### Work required
Lines below starting with the line with "# Drawn here: x" and going on through the line with "doc.layers.add(name, color=color, linetype=linetype)" must be output exactly; the rest of the records must be left out.

---

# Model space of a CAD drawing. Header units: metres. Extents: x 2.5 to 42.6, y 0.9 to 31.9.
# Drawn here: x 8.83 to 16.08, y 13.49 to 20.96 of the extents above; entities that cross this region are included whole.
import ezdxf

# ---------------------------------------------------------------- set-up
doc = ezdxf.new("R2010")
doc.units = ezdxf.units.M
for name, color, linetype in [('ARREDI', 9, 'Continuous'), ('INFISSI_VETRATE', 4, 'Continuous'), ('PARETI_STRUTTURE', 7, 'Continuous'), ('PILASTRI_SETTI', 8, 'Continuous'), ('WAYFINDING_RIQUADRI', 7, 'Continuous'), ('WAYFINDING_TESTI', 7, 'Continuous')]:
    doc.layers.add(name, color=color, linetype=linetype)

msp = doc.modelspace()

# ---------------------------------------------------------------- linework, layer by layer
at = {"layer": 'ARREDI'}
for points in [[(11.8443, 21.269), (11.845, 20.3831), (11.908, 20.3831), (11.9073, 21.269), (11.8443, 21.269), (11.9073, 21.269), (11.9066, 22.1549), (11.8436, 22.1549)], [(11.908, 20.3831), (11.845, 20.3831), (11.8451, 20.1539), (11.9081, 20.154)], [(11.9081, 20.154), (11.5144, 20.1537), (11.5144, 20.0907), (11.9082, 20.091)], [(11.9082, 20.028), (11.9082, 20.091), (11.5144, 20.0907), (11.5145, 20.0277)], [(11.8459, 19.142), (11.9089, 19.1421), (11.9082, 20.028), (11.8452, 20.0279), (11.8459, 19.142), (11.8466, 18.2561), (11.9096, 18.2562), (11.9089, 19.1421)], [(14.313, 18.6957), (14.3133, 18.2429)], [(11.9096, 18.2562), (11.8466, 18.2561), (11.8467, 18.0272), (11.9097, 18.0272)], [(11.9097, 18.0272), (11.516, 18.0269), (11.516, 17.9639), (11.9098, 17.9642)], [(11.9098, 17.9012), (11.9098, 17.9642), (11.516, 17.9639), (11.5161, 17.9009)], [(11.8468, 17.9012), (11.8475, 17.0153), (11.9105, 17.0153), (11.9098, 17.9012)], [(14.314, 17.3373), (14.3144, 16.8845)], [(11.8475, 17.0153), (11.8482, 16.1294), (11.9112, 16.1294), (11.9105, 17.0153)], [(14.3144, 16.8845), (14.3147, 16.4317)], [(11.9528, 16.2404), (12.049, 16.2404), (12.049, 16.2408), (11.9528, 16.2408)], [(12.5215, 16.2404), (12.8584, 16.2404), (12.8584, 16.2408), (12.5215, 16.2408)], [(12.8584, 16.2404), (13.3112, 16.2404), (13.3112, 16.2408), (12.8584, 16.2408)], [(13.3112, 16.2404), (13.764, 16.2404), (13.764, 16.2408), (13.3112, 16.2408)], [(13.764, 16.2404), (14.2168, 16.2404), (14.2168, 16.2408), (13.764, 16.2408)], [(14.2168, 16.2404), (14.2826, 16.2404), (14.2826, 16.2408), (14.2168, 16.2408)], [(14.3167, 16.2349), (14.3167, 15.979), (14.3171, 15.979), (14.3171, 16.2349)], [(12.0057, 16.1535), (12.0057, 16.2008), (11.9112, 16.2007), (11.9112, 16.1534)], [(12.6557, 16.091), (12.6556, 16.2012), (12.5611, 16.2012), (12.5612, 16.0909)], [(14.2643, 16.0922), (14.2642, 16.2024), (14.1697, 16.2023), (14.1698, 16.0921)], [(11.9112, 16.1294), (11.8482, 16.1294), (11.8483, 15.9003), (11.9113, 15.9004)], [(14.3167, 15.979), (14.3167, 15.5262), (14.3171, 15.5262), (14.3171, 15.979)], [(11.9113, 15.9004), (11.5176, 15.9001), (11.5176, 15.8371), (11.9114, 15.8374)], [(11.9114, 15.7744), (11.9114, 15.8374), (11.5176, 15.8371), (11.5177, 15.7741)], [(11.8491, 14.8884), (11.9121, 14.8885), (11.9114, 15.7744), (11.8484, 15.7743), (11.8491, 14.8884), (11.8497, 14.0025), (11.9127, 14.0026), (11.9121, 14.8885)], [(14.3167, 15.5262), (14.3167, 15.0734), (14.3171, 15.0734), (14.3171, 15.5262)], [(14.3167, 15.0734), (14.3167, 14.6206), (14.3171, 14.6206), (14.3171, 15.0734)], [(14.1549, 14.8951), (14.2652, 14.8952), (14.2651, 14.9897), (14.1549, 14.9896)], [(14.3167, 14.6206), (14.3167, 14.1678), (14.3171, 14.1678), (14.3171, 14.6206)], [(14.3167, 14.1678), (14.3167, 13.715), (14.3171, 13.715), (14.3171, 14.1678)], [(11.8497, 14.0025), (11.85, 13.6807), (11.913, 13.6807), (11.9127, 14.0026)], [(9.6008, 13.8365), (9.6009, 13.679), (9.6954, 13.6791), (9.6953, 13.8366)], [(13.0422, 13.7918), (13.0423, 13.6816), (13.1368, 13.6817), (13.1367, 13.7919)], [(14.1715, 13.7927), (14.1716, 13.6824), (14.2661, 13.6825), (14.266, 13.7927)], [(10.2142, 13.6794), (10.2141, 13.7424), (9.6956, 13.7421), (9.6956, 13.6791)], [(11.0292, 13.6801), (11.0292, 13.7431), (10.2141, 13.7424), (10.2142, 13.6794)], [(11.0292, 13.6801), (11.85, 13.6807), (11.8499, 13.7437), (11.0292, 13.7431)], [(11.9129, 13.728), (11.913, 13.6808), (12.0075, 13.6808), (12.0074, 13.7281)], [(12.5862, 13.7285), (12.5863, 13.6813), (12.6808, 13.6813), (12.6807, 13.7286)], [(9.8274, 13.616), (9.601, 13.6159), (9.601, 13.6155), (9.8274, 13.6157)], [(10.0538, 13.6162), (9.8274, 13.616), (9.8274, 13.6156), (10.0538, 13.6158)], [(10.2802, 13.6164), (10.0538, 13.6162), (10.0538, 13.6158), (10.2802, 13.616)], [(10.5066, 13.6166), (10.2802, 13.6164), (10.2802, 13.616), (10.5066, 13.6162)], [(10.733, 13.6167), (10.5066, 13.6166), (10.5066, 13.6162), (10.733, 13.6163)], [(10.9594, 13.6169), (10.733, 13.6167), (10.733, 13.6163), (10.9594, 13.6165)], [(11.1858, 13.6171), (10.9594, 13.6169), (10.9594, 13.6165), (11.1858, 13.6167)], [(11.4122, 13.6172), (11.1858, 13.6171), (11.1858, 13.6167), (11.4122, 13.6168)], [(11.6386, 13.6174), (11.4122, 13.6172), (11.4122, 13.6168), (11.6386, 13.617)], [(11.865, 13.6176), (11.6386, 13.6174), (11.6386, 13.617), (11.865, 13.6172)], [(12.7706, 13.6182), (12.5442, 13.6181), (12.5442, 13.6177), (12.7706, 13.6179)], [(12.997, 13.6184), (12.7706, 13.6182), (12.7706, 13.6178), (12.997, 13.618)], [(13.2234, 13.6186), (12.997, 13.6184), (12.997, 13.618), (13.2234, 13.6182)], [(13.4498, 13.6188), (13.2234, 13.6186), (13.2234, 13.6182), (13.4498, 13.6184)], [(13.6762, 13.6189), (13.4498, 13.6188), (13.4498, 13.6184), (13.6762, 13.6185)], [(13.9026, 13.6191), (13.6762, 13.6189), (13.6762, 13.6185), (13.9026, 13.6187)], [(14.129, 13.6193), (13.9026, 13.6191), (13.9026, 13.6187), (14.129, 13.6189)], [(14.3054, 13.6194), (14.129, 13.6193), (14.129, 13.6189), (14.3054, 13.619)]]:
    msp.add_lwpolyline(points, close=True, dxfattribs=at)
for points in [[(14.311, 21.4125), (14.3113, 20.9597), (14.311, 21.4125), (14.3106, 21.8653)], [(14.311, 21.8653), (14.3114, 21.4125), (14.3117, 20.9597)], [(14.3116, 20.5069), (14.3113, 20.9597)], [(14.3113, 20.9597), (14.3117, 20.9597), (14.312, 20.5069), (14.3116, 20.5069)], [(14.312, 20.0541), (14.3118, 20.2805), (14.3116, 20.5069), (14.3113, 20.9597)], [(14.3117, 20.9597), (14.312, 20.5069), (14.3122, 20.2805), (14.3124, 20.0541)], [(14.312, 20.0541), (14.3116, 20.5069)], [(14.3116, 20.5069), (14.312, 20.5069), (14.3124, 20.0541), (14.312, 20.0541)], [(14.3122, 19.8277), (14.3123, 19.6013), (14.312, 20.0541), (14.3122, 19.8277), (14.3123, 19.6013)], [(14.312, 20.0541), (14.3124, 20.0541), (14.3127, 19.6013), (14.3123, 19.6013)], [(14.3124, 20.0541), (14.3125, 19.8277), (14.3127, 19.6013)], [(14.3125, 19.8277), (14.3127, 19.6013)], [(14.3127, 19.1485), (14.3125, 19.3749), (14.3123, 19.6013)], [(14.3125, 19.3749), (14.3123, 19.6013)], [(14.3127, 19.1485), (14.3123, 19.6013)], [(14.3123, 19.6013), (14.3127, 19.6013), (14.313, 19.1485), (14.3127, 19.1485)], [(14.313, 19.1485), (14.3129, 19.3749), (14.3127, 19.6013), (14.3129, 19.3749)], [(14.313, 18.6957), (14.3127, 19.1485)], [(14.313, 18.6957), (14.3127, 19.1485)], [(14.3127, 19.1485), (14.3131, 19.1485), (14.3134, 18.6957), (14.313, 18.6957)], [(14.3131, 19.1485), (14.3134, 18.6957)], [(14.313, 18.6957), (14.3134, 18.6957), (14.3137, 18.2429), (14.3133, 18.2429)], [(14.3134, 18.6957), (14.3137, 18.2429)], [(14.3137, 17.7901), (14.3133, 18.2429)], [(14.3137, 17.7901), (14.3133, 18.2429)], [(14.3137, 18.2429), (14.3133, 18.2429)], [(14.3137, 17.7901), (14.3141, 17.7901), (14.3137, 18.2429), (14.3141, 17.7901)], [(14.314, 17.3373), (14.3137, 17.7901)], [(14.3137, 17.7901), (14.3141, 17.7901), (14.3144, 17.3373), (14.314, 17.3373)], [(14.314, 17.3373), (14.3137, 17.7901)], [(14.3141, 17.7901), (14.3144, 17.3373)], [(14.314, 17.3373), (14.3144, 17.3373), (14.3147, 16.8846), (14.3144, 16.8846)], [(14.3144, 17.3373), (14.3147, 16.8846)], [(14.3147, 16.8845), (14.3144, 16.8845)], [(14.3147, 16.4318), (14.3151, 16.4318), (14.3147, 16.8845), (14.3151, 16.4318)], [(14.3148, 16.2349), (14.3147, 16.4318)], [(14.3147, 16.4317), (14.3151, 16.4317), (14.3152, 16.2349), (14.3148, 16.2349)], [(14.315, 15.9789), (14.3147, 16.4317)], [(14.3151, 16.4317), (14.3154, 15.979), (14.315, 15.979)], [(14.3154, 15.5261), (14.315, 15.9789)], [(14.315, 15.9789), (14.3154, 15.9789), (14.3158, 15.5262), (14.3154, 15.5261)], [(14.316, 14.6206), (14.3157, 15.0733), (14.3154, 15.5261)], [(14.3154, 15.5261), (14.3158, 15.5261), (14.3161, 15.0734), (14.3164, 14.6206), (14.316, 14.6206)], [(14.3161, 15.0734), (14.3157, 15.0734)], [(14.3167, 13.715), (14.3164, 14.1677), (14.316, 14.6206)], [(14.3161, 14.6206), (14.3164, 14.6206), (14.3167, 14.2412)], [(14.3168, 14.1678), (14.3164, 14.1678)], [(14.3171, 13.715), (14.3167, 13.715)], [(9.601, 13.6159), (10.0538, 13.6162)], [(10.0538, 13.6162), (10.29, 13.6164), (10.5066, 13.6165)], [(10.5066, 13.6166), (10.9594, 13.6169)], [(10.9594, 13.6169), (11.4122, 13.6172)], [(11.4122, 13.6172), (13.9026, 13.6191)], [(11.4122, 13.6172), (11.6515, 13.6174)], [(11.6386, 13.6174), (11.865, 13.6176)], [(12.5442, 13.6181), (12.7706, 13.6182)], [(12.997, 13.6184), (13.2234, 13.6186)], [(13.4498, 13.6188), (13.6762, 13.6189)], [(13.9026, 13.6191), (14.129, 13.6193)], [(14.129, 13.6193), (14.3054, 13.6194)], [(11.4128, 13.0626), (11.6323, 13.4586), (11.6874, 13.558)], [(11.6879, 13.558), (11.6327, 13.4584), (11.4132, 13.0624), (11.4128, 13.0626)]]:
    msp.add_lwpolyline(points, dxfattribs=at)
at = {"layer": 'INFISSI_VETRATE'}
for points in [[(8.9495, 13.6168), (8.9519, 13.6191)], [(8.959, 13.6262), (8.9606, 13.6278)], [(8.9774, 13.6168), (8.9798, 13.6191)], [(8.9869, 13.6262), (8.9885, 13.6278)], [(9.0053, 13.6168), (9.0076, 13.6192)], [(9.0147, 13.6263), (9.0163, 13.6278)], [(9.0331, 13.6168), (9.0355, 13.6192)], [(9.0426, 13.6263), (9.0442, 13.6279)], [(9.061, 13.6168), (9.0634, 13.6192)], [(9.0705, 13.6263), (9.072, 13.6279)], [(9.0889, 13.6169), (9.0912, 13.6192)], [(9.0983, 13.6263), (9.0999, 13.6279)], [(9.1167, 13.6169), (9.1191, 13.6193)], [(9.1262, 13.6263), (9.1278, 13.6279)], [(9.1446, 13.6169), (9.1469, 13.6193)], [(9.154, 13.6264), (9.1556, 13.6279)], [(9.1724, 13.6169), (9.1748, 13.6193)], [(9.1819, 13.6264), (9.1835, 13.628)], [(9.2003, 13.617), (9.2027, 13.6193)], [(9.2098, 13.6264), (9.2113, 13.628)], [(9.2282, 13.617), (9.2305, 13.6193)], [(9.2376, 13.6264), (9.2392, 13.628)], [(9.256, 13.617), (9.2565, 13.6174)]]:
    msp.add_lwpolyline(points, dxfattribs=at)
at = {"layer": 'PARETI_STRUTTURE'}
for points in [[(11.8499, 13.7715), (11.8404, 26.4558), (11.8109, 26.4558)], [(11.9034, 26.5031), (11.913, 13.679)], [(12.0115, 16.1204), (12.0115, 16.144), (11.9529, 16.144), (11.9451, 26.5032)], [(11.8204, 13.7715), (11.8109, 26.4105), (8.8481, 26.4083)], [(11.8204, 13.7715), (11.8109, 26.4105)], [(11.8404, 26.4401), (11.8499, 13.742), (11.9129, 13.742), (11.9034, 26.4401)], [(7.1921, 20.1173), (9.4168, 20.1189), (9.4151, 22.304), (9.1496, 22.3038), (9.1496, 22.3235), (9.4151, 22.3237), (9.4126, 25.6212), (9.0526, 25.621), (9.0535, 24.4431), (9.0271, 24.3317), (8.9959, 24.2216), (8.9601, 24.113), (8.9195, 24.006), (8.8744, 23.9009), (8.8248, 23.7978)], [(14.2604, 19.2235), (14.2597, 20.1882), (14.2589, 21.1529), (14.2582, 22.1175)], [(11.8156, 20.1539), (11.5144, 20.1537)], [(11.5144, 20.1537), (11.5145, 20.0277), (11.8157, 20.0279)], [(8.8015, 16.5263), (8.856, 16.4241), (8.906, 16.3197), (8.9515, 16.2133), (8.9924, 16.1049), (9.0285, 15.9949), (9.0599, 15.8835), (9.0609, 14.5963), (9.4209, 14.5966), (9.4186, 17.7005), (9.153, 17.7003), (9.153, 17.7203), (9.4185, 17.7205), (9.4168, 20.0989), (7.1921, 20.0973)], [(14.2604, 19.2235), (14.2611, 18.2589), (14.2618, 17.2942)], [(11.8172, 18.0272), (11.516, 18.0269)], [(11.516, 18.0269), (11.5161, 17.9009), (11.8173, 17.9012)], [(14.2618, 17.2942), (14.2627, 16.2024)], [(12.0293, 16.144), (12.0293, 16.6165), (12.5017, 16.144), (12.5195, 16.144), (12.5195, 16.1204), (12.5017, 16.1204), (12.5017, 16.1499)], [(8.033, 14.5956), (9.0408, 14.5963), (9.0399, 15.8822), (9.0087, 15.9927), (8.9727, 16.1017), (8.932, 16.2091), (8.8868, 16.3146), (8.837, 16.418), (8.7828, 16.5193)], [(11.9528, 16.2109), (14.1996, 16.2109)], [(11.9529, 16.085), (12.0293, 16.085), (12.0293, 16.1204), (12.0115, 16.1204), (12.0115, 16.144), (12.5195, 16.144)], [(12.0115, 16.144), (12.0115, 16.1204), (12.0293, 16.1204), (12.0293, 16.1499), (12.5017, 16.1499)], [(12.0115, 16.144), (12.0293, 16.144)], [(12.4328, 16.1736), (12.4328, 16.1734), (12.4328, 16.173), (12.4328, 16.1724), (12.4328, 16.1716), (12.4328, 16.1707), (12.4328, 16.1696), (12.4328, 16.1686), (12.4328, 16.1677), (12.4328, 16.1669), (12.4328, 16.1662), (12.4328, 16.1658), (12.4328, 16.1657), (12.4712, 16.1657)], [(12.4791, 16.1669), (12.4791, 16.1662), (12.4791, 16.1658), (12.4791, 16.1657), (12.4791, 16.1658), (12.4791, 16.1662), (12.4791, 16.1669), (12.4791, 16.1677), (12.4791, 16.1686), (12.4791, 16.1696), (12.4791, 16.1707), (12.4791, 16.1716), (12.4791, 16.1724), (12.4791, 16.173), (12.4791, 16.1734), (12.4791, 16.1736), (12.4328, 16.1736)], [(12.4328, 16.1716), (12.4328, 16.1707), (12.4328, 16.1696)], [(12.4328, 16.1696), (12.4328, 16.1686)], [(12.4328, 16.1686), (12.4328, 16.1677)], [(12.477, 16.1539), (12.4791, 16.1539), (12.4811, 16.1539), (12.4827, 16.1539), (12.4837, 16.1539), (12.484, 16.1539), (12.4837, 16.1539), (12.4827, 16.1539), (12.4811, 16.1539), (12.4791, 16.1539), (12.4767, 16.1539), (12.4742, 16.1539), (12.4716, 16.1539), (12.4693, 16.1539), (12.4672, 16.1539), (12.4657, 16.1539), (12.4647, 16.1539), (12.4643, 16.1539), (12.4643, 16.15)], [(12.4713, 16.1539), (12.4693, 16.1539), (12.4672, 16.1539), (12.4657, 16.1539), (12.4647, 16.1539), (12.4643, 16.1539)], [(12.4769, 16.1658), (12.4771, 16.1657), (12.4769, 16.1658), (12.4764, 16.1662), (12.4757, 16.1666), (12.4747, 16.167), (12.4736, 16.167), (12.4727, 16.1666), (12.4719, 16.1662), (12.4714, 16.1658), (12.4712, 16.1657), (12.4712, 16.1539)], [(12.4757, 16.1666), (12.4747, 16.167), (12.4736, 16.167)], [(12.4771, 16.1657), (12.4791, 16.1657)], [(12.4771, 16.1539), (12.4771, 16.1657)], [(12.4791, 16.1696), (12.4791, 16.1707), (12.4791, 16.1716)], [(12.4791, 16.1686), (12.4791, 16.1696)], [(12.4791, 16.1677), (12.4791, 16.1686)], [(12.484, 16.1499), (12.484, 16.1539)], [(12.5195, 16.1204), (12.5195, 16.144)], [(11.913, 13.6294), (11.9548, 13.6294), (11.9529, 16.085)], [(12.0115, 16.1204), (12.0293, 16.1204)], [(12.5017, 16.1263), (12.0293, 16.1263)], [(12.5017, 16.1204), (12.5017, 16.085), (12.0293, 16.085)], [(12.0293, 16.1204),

---

### Reply to the task
# Drawn here: x 8.83 to 16.08, y 13.49 to 20.96 of the extents above; entities that cross this region are included whole.
import ezdxf

# ---------------------------------------------------------------- set-up
doc = ezdxf.new("R2010")
doc.units = ezdxf.units.M
for name, color, linetype in [('ARREDI', 9, 'Continuous'), ('INFISSI_VETRATE', 4, 'Continuous'), ('PARETI_STRUTTURE', 7, 'Continuous'), ('PILASTRI_SETTI', 8, 'Continuous'), ('WAYFINDING_RIQUADRI', 7, 'Continuous'), ('WAYFINDING_TESTI', 7, 'Continuous')]:
    doc.layers.add(name, color=color, linetype=linetype)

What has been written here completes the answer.